Sun Sentinel Palm Beach Edition
In China, lawyers filing suits over smog threats
BEIJING — Lawyer Cheng Hai has an itemized list of compensation demands from Beijing authorities over the city’s smog: 65 yuan ($9) for having to buy face masks, 100 yuan ($15) for seeing a doctor for a sore throat and 9,999 yuan ($1,500) for emotional distress.
Fed up with what they consider halfhearted efforts to fight air pollution, Cheng and like-minded lawyers are putting China’s legal system to the test by suing the governments of the capital and its surrounding regions.
“Some people might think that air pollution is inevitable with economic development, but they are wrong,” said Cheng, 64. “We have laws to protect air quality, and major pollution can be avoided if they are fully enforced.”
The lawsuits demonstrate the mounting frustration of China’s middle class at the country’s notoriously bad air, a topic that is expected to be discussed at the upcoming annual meeting of the country’s parliament three years after Premier Li Keqiang declared a “war on pollution” at the same event.
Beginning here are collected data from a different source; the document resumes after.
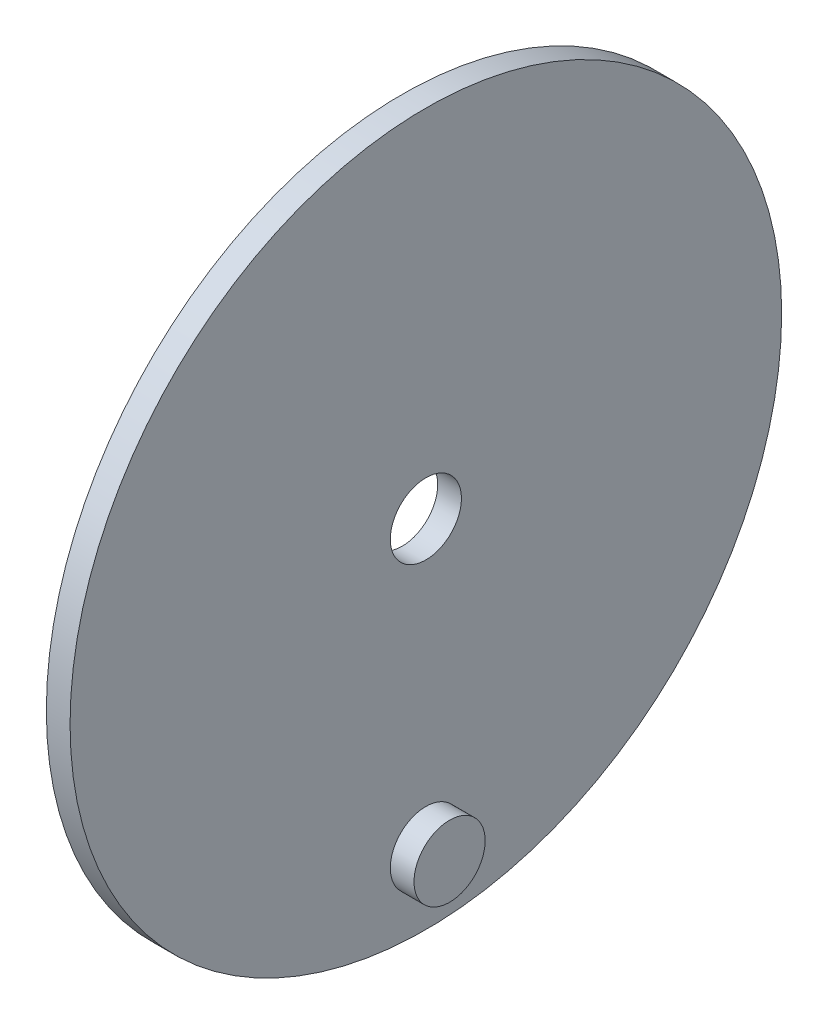
SolidWorks part; units mm, degrees
ref_plane "Front Plane" through (0, 0, 0) normal (0, 0, 1) x (1, 0, 0)
ref_plane "Top Plane" through (0, 0, 0) normal (0, 1, 0) x (1, 0, 0)
ref_plane "Right Plane" through (0, 0, 0) normal (1, 0, 0) x (0, 0, -1)
sketch "Sketch1" plane through (0, 0, 0) normal (1, 0, 0) x (0, 0, -1)
  circle A0 centre (0, 0) radius 150
  circle A1 centre (0, 0) radius 15
  dimension "D1" = 30
  dimension "D2" = 300
extrude "Boss-Extrude1" add sketch "Sketch1" along normal blind 10
sketch "Sketch2" plane through (10, 0, 0) normal (1, 0, 0) x (0, 0, -1)
  line L0 (0, 0) -> (0, -150) construction
  circle A0 centre (0, 0) radius 150 construction
  circle A1 centre (0, -120) radius 15
  dimension "D1" = 30
  dimension "D2" = 120
extrude "Boss-Extrude2" add sketch "Sketch2" along normal blind 10
sketch "Sketch3" plane through (20, 0, 0) normal (1, 0, 0) x (0, 0, -1)
  circle A1 centre (0, -120) radius 15
  circle A2 centre (0, -120) radius 15
  dimension "D1" = 0
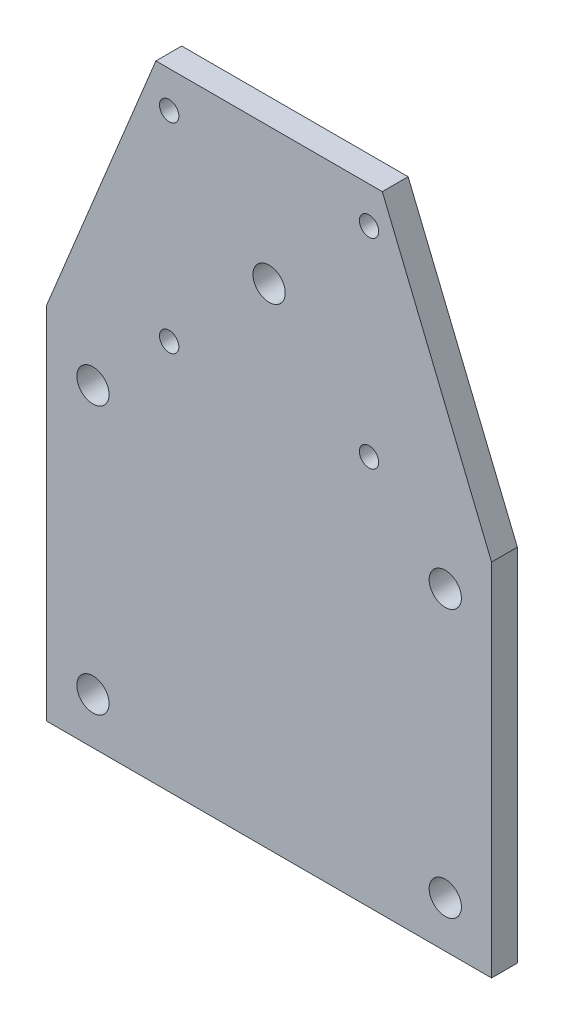
SolidWorks part; units mm, degrees
ref_plane "Front Plane" through (0, 0, 0) normal (0, 0, 1) x (1, 0, 0)
ref_plane "Top Plane" through (0, 0, 0) normal (0, 1, 0) x (1, 0, 0)
ref_plane "Right Plane" through (0, 0, 0) normal (1, 0, 0) x (0, 0, -1)
sketch "Sketch1" plane through (0, 0, 0) normal (0, 0, 1) x (1, 0, 0)
  line L0 (-21.15, 9.85) -> (-9.85, 21.15)
  line L1 (-21.15, -21.15) -> (21.15, -21.15)
  line L2 (-21.15, -21.15) -> (-21.15, 21.15)
  line L3 (-21.15, 21.15) -> (21.15, 21.15)
  line L4 (21.15, -21.15) -> (21.15, 21.15)
  line L5 (-21.15, -21.15) -> (21.15, 21.15) construction
  line L6 (-21.15, 21.15) -> (21.15, -21.15) construction
  line L7 (0, 21.15) -> (0, -21.15) construction
  line L8 (-21.15, 0) -> (21.15, 0) construction
  line L9 (21.15, 9.85) -> (9.85, 21.15)
  line L10 (21.15, -9.85) -> (9.85, -21.15)
  line L11 (-21.15, -9.85) -> (-9.85, -21.15)
  line L12 (-21.15, 17.5579) -> (-17.5579, 21.15)
  line L13 (21.15, 17.5579) -> (17.5579, 21.15)
  line L14 (21.15, -17.5579) -> (17.5579, -21.15)
  line L15 (-21.15, -17.5579) -> (-17.5579, -21.15)
  circle A0 centre (-15.5, 15.5) radius 1.5
  circle A1 centre (15.5, 15.5) radius 1.5
  circle A2 centre (15.5, -15.5) radius 1.5
  circle A3 centre (-15.5, -15.5) radius 1.5
  circle A4 centre (0, 0) radius 2.5
  point P0 (0, 0)
  point P14 (-15.5, 15.5)
  point P15 (15.5, 15.5)
  point P32 (-19.3539, 19.3539)
  dimension "D3" = 3
  dimension "D5" = 5
  dimension "D1" = 42.3
  dimension "D2" = 31
  dimension "D4" = 2.54
sketch "Sketch3" plane through (0, 0, 0) normal (0, 0, 1) x (1, 0, 0)
  line L0 (0, 0) -> (-27.3205, -27.3205) construction
  line L1 (0, 21.15) -> (0, -21.15) construction
  line L2 (0, 21.15) -> (0, -21.15) construction
  line L3 (0, 0) -> (27.3205, -27.3205) construction
  line L4 (-21.15, -21.15) -> (21.15, 21.15) construction
  line L5 (-27.3205, -27.3205) -> (-27.3205, -68.8205) construction
  line L6 (27.3205, -27.3205) -> (27.3205, -68.8205) construction
  line L7 (-27.3205, -48.0705) -> (27.3205, -48.0705) construction
  line L8 (-27.3205, -39.3205) -> (27.3205, -39.3205) construction
  line L9 (-27.3205, -39.3205) -> (0, 8) construction
  circle A1 centre (-27.3205, -27.3205) radius 12
  circle A2 centre (27.3205, -27.3205) radius 12
  circle A3 centre (27.3205, -68.8205) radius 12
  circle A4 centre (-27.3205, -68.8205) radius 12
  circle A5 centre (0, 0) radius 4
  circle A6 centre (0, 0) radius 8
  circle A7 centre (-27.3205, -27.3205) radius 2.5
  circle A8 centre (-27.3205, -68.8205) radius 2.5
  point P19 (-27.3205, -56.8205)
  point P22 (-27.3205, -15.3205)
  point P23 (-27.3205, -80.8205)
  point P26 (-27.3205, -24.8205)
  point P27 (-27.3205, -29.8205)
  point P28 (-27.3205, -71.3205)
  point P29 (-27.3205, -66.3205)
  dimension "D1" = 24
  dimension "D3" = 8
  dimension "D4" = 16
  dimension "D7" = 5
  dimension "D2" = 41.5
  dimension "D5" = 60
  dimension "D6" = 65.5
  dimension "D8" = 46.5
  dimension "D9" = 36.5
sketch "Sketch4" plane through (0, 0, 0) normal (0, 0, 1) x (1, 0, 0)
  line L0 (0, 21.15) -> (0, -21.15) construction
  line L1 (0, 21.15) -> (0, -21.15) construction
  line L2 (-27.3205, -48.0705) -> (27.3205, -48.0705) construction
  line L3 (-27.3205, -48.0705) -> (27.3205, -48.0705) construction
  line L4 (-34.5047, -20.1363) -> (-27.3205, -27.3205)
  line L5 (-34.5047, -20.1363) -> (34.5047, -20.1363)
  line L6 (-34.5047, -20.1363) -> (-34.5047, -76.0047)
  line L7 (-34.5047, -76.0047) -> (34.5047, -76.0047)
  line L8 (34.5047, -20.1363) -> (34.5047, -76.0047)
  line L9 (-27.3205, -27.3205) -> (-34.5047, -27.3205) construction
  line L10 (34.5047, -20.1363) -> (27.3205, -27.3205)
  line L11 (34.5047, -76.0047) -> (27.3205, -68.8205)
  line L12 (-34.5047, -76.0047) -> (-27.3205, -68.8205)
  line L13 (-34.5047, -20.1363) -> (-17.5579, 21.15)
  line L14 (-17.5579, 21.15) -> (17.5579, 21.15)
  line L15 (17.5579, 21.15) -> (34.5047, -20.1363)
  circle A0 centre (-27.3205, -27.3205) radius 2.5
  circle A1 centre (27.3205, -27.3205) radius 2.5
  circle A2 centre (27.3205, -68.8205) radius 2.5
  circle A3 centre (-27.3205, -68.8205) radius 2.5
  circle A4 centre (-15.5, -15.5) radius 1.5 construction
  circle A5 centre (-15.5, -15.5) radius 1.5
  circle A6 centre (-15.5, 15.5) radius 1.5 construction
  circle A7 centre (-15.5, 15.5) radius 1.5
  circle A8 centre (15.5, 15.5) radius 1.5 construction
  circle A9 centre (15.5, 15.5) radius 1.5
  circle A10 centre (15.5, -15.5) radius 1.5 construction
  circle A11 centre (15.5, -15.5) radius 1.5
  circle A12 centre (0, 0) radius 2.5 construction
  circle A13 centre (0, 0) radius 2.5
  dimension "D1" = 5
  dimension "D2" = 45
  dimension "D3" = 10.16
  dimension "D4" = 41.5
extrude "Boss-Extrude1" add sketch "Sketch4" along normal blind 4
ref_plane "Plane1" through (0, -48.0705, 0) normal (0, 1, 0) x (1, 0, 0)
sketch "Sketch5" plane through (0, 0, 4) normal (0, 0, 1) x (1, 0, 0)
  line L0 (0, 0) -> (0, 50000) construction
  line L1 (-27.3205, -27.3205) -> (-27.3205, -68.8205) construction
  line L2 (-1027.3205, -48.0705) -> (48972.6795, -48.0705) construction
  line L3 (-27.3205, -27.3205) -> (27.3205, -27.3205) construction
  line L4 (-27.3205, -68.8205) -> (27.3205, -68.8205) construction
  circle A2 centre (0, -68.8205) radius 2
  circle A3 centre (0, -55.3538) radius 2
  circle A4 centre (0, -41.8871) radius 2
  circle A5 centre (0, -28.4204) radius 2
  point P10 (-27.3205, -48.0705)
  dimension "D1" = 4
  dimension "D2" = 4
extrude "Cut-Extrude1" [suppressed] cut sketch "Sketch5" against normal blind 10
sketch "Sketch6" [suppressed] plane through (0, 0, 4) normal (0, 0, 1) x (1, 0, 0)
  line L0 (30.0526, -48.0705) -> (-30.0526, -48.0705) construction
  line L1 (-34.5047, -76.0047) -> (34.5047, -76.0047) construction
  line L2 (-17.5579, 21.15) -> (17.5579, 21.15) construction
  line L3 (-34.5047, -76.0047) -> (34.5047, -76.0047)
  line L4 (-17.5579, 21.15) -> (17.5579, 21.15)
  line L5 (0, 21.15) -> (0, -76.0047) construction
  circle A0 centre (0, -48.0705) radius 2.5
  dimension "D1" = 5
extrude "Cut-Extrude2" [suppressed] cut sketch "Sketch6" against normal up to surface and the other way through all contours A0 L5 | L5 A0
sketch "Sketch7" [suppressed] plane through (0, 0, 4) normal (0, 0, 1) x (1, 0, 0)
  line L0 (0, 21.15) -> (0, -76.0047) construction
  line L1 (0, 21.15) -> (0, -76.0047) construction
  circle A0 centre (0, -68.0705) radius 2.5
  circle A1 centre (0, -48.0705) radius 2.5 construction
  circle A2 centre (0, -48.0705) radius 2.5 construction
  dimension "D1" = 20
extrude "Cut-Extrude3" [suppressed] cut sketch "Sketch7" against normal blind 10
sketch "Sketch8" [suppressed] plane through (0, 0, 4) normal (0, 0, 1) x (1, 0, 0)
  line L0 (-34.5047, -48.0705) -> (34.5047, -48.0705) construction
  line L1 (-24.8205, -68.8205) -> (-24.8205, -27.3205) construction
  line L2 (-4.8205, -58.0705) -> (-24.8205, -58.0705)
  line L3 (-4.8205, -58.0705) -> (-4.8205, -38.0705)
  line L4 (-4.8205, -38.0705) -> (-24.8205, -38.0705)
  line L5 (-24.8205, -58.0705) -> (-24.8205, -38.0705)
  line L6 (-34.5047, -20.1363) -> (-34.5047, -76.0047)
  line L7 (-34.5047, -76.0047) -> (34.5047, -76.0047)
  line L8 (34.5047, -76.0047) -> (34.5047, -20.1363)
  line L9 (34.5047, -20.1363) -> (17.5579, 21.15)
  line L10 (17.5579, 21.15) -> (-17.5579, 21.15)
  line L11 (-17.5579, 21.15) -> (-34.5047, -20.1363)
  line L12 (-34.5047, -20.1363) -> (-34.5047, -76.0047)
  line L13 (-34.5047, -76.0047) -> (34.5047, -76.0047)
  line L14 (34.5047, -76.0047) -> (34.5047, -20.1363)
  line L15 (34.5047, -20.1363) -> (17.5579, 21.15)
  line L16 (17.5579, 21.15) -> (-17.5579, 21.15)
  line L17 (-17.5579, 21.15) -> (-34.5047, -20.1363)
  line L18 (-4.8205, -58.0705) -> (-24.8205, -38.0705) construction
  line L19 (-4.8205, -38.0705) -> (-24.8205, -58.0705) construction
  line L20 (0, 21.15) -> (0, -76.0047) construction
  line L21 (4.8205, -38.0705) -> (24.8205, -38.0705)
  line L22 (24.8205, -58.0705) -> (24.8205, -38.0705)
  line L23 (4.8205, -58.0705) -> (24.8205, -58.0705)
  line L24 (4.8205, -58.0705) -> (4.8205, -38.0705)
  line L25 (4.8205, -38.0705) -> (24.8205, -58.0705) construction
  line L26 (4.8205, -58.0705) -> (24.8205, -38.0705) construction
  circle A0 centre (-27.3205, -68.8205) radius 2.5 construction
  circle A1 centre (-27.3205, -27.3205) radius 2.5 construction
  circle A2 centre (-27.3205, -68.8205) radius 2.5
  circle A3 centre (-27.3205, -27.3205) radius 2.5
  circle A4 centre (-19.5172, -52.7672) radius 2.5
  circle A5 centre (-10.1238, -43.3738) radius 2.5
  circle A6 centre (10.1238, -43.3738) radius 2.5
  circle A7 centre (19.5172, -52.7672) radius 2.5 construction
  circle A8 centre (19.5172, -43.3738) radius 2.5
  circle A9 centre (10.1238, -52.7672) radius 2.5 construction
  point P6 (-14.8205, -48.0705)
  dimension "D3" = 5
  dimension "D2" = 20
  dimension "D4" = 7.5
  dimension "D1" = 0
extrude "Cut-Extrude4" [suppressed] cut sketch "Sketch8" against normal through all contours A5 | A9 | A8 | A6 | A7 | A4
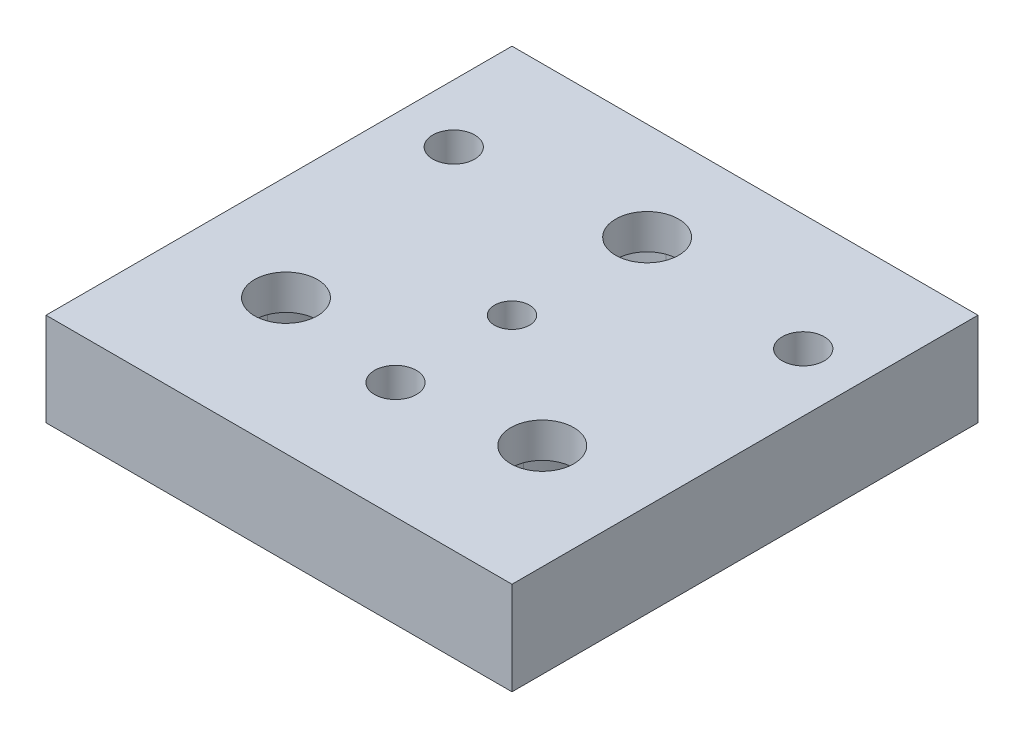
SolidWorks part; units mm, degrees
material "AISI 304"
ref_plane "Front Plane" through (0, 0, 0) normal (0, 0, 1) x (1, 0, 0)
ref_plane "Top Plane" through (0, 0, 0) normal (0, 1, 0) x (1, 0, 0)
ref_plane "Right Plane" through (0, 0, 0) normal (1, 0, 0) x (0, 0, -1)
sketch "Sketch1" plane through (0, 0, 0) normal (0, 1, 0) x (1, 0, 0)
  line L1 (-25.4, 25.4) -> (25.4, 25.4)
  line L2 (-25.4, 25.4) -> (-25.4, -25.4)
  line L3 (-25.4, -25.4) -> (25.4, -25.4)
  line L4 (25.4, 25.4) -> (25.4, -25.4)
  line L5 (-25.4, 25.4) -> (25.4, -25.4) construction
  line L6 (-25.4, -25.4) -> (25.4, 25.4) construction
  point P0 (0, 0)
  dimension "D1" = 50.8
  dimension "D2" = 50.8
extrude "Boss-Extrude1" add sketch "Sketch1" along normal blind 10.16
sketch "Sketch2" plane through (0, 10.16, 0) normal (0, 1, 0) x (1, 0, 0)
  line L0 (25.4, -25.4) -> (25.4, 25.4) construction
  line L1 (-25.4, -25.4) -> (25.4, -25.4) construction
  line L2 (25.4, 25.4) -> (-25.4, 25.4) construction
  line L4 (-25.4, 25.4) -> (-25.4, -25.4) construction
  circle A0 centre (-19.05, 12.7) radius 2.286
  circle A1 centre (19.05, 12.7) radius 2.286
  circle A2 centre (0, -12.7) radius 2.286
  dimension "D1" = 4.572
  dimension "D2" = 4.572
  dimension "D3" = 4.572
  dimension "D9" = 6.35
  dimension "D4" = 25.4
  dimension "D5" = 12.7
  dimension "D6" = 12.7
  dimension "D7" = 12.7
  dimension "D8" = 38.1
extrude "Cut-Extrude1" cut sketch "Sketch2" against normal through all
sketch "Sketch3" plane through (0, 0, 0) normal (0, -1, 0) x (1, 0, 0)
  line L0 (-13.97, 16.256) -> (-13.97, 5.08) construction
  line L1 (-6.35, 16.256) -> (-6.35, 5.08)
  line L2 (-21.59, 16.256) -> (-21.59, 5.08)
  line L3 (13.97, 16.256) -> (13.97, 5.08) construction
  line L4 (21.59, 16.256) -> (21.59, 5.08)
  line L5 (6.35, 16.256) -> (6.35, 5.08)
  line L6 (-5.588, -14.732) -> (5.588, -14.732) construction
  line L7 (-5.588, -7.112) -> (5.588, -7.112)
  line L8 (-5.588, -22.352) -> (5.588, -22.352)
  line L9 (25.4, 25.4) -> (25.4, -25.4) construction
  line L10 (-25.4, 25.4) -> (25.4, 25.4) construction
  line L11 (-25.4, -25.4) -> (-25.4, 25.4) construction
  line L12 (25.4, -25.4) -> (-25.4, -25.4) construction
  arc A0 (-6.35, 16.256) -> (-21.59, 16.256) centre (-13.97, 16.256) ccw
  arc A1 (-21.59, 5.08) -> (-6.35, 5.08) centre (-13.97, 5.08) ccw
  arc A2 (21.59, 16.256) -> (6.35, 16.256) centre (13.97, 16.256) ccw
  arc A3 (6.35, 5.08) -> (21.59, 5.08) centre (13.97, 5.08) ccw
  arc A4 (-5.588, -7.112) -> (-5.588, -22.352) centre (-5.588, -14.732) ccw
  arc A5 (5.588, -22.352) -> (5.588, -7.112) centre (5.588, -14.732) ccw
  circle A6 centre (-13.97, 10.668) radius 3.429
  circle A7 centre (13.97, 10.668) radius 3.429
  circle A8 centre (0, -14.732) radius 3.429
  point P2 (-13.97, 10.668)
  point P7 (13.97, 10.668)
  point P14 (0, -14.732)
  dimension "D5" = 10.668
  dimension "D7" = 7.62
  dimension "D8" = 7.62
  dimension "D9" = 7.62
  dimension "D10" = 6.858
  dimension "D11" = 6.858
  dimension "D12" = 6.858
  dimension "D1" = 11.43
  dimension "D2" = 14.732
  dimension "D3" = 14.732
  dimension "D4" = 11.43
  dimension "D6" = 25.4
  dimension "D13" = 11.176
  dimension "D14" = 11.176
  dimension "D15" = 11.176
extrude "Cut-Extrude2" cut sketch "Sketch3" against normal blind 6.35
sketch "Sketch4" plane through (0, 0, 0) normal (0, -1, 0) x (-1, 0, 0)
  circle A0 centre (13.97, -10.668) radius 3.429
  circle A1 centre (-13.97, -10.668) radius 3.429
  circle A2 centre (0, 14.732) radius 3.429
extrude "Cut-Extrude3" cut sketch "Sketch4" against normal through all
sketch "Sketch5" plane through (0, 10.16, 0) normal (0, 1, 0) x (1, 0, 0)
  circle A0 centre (0, 0) radius 1.905
  dimension "D1" = 3.81
extrude "Cut-Extrude5" cut sketch "Sketch5" against normal through all
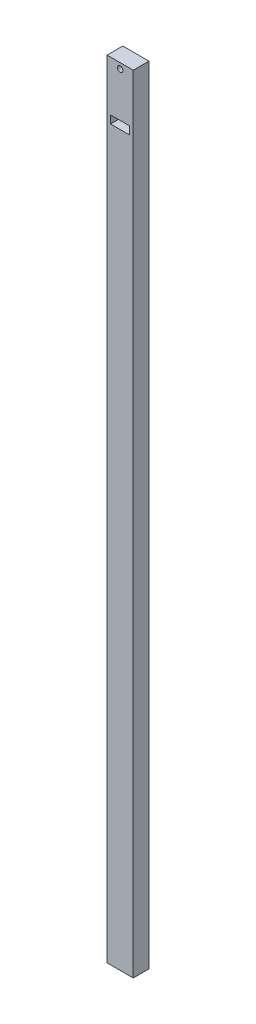
SolidWorks part; units mm, degrees
ref_plane "Front Plane" through (0, 0, 0) normal (0, 0, 1) x (1, 0, 0)
ref_plane "Top Plane" through (0, 0, 0) normal (0, 1, 0) x (1, 0, 0)
ref_plane "Right Plane" through (0, 0, 0) normal (1, 0, 0) x (0, 0, -1)
sketch "Sketch1" plane through (0, 0, 0) normal (0, 0, 1) x (1, 0, 0)
  line L0 (5, 0) -> (5, 300) construction
  line L1 (0, 0) -> (10, 0)
  line L2 (0, 0) -> (0, 300)
  line L3 (0, 300) -> (10, 300)
  line L4 (10, 0) -> (10, 300)
  line L6 (1.34, 280.9) -> (8.66, 280.9)
  line L7 (1.34, 280.9) -> (1.34, 277.9)
  line L9 (8.66, 280.9) -> (8.66, 277.9)
  line L10 (1.34, 299.5) -> (8.66, 299.5)
  line L12 (1.34, 277.9) -> (8.66, 277.9)
  circle A0 centre (5, 297.9) radius 1.06
  point P13 (5, 280.9)
  point P18 (5, 299.5)
  dimension "D3" = 3
  dimension "D5" = 2.12
  dimension "D1" = 10
  dimension "D2" = 300
  dimension "D4" = 7.32
  dimension "D6" = 21.6
  dimension "D7" = 0.5
  dimension "D8" = 2.1
  dimension "D9" = 17
extrude "Boss-Extrude1" add sketch "Sketch1" along normal blind 6

The dissatisfaction comes even as authorities in the capital are closing factories, getting rid of coal-fired boilers and taking older, heavier-polluting vehicles off the road.
Official data show those measures are having some effect, with Beijing reporting year-on-year improvements since 2013.
Yet the city’s average reading of the tiny particulate matter PM2.5 is still seven times what the World Health Organization considers safe.
The lawyers say their cases are more about drawing attention to government inaction than winning a settlement.
China is grappling with serious pollution resulting from three decades of breakneck growth that vastly improved living standards for many, but took a disastrous toll on the environment.
As people became more aware of the health issues associated with smog, the declaration of a “war on pollution” at the National People’s Congress in 2014 resulted in measures to reduce pollutants in the air, including capping coal consumption. However, a particularly heavy bout of smog at the beginning of this year still triggered pollution “red alerts” in more than 20 cities.
Beijing plans to spend $2.7 billion on fighting air pollution this year, some of which would be used to close or upgrade more than 3,000 polluting factories, replace the use of coal with clean energy on the outskirts of the city and phase out 300,000 high-polluting older vehicles, according to the city’s acting mayor, Cai Qi.
A Beijing court has already twice rejected attempts by the lawyers to file cases, while a court in Hebei province’s capital, Shijiazhuang, has yet to respond to a case filed more than two months ago. Similar attempts to file suits in previous years have also been derailed.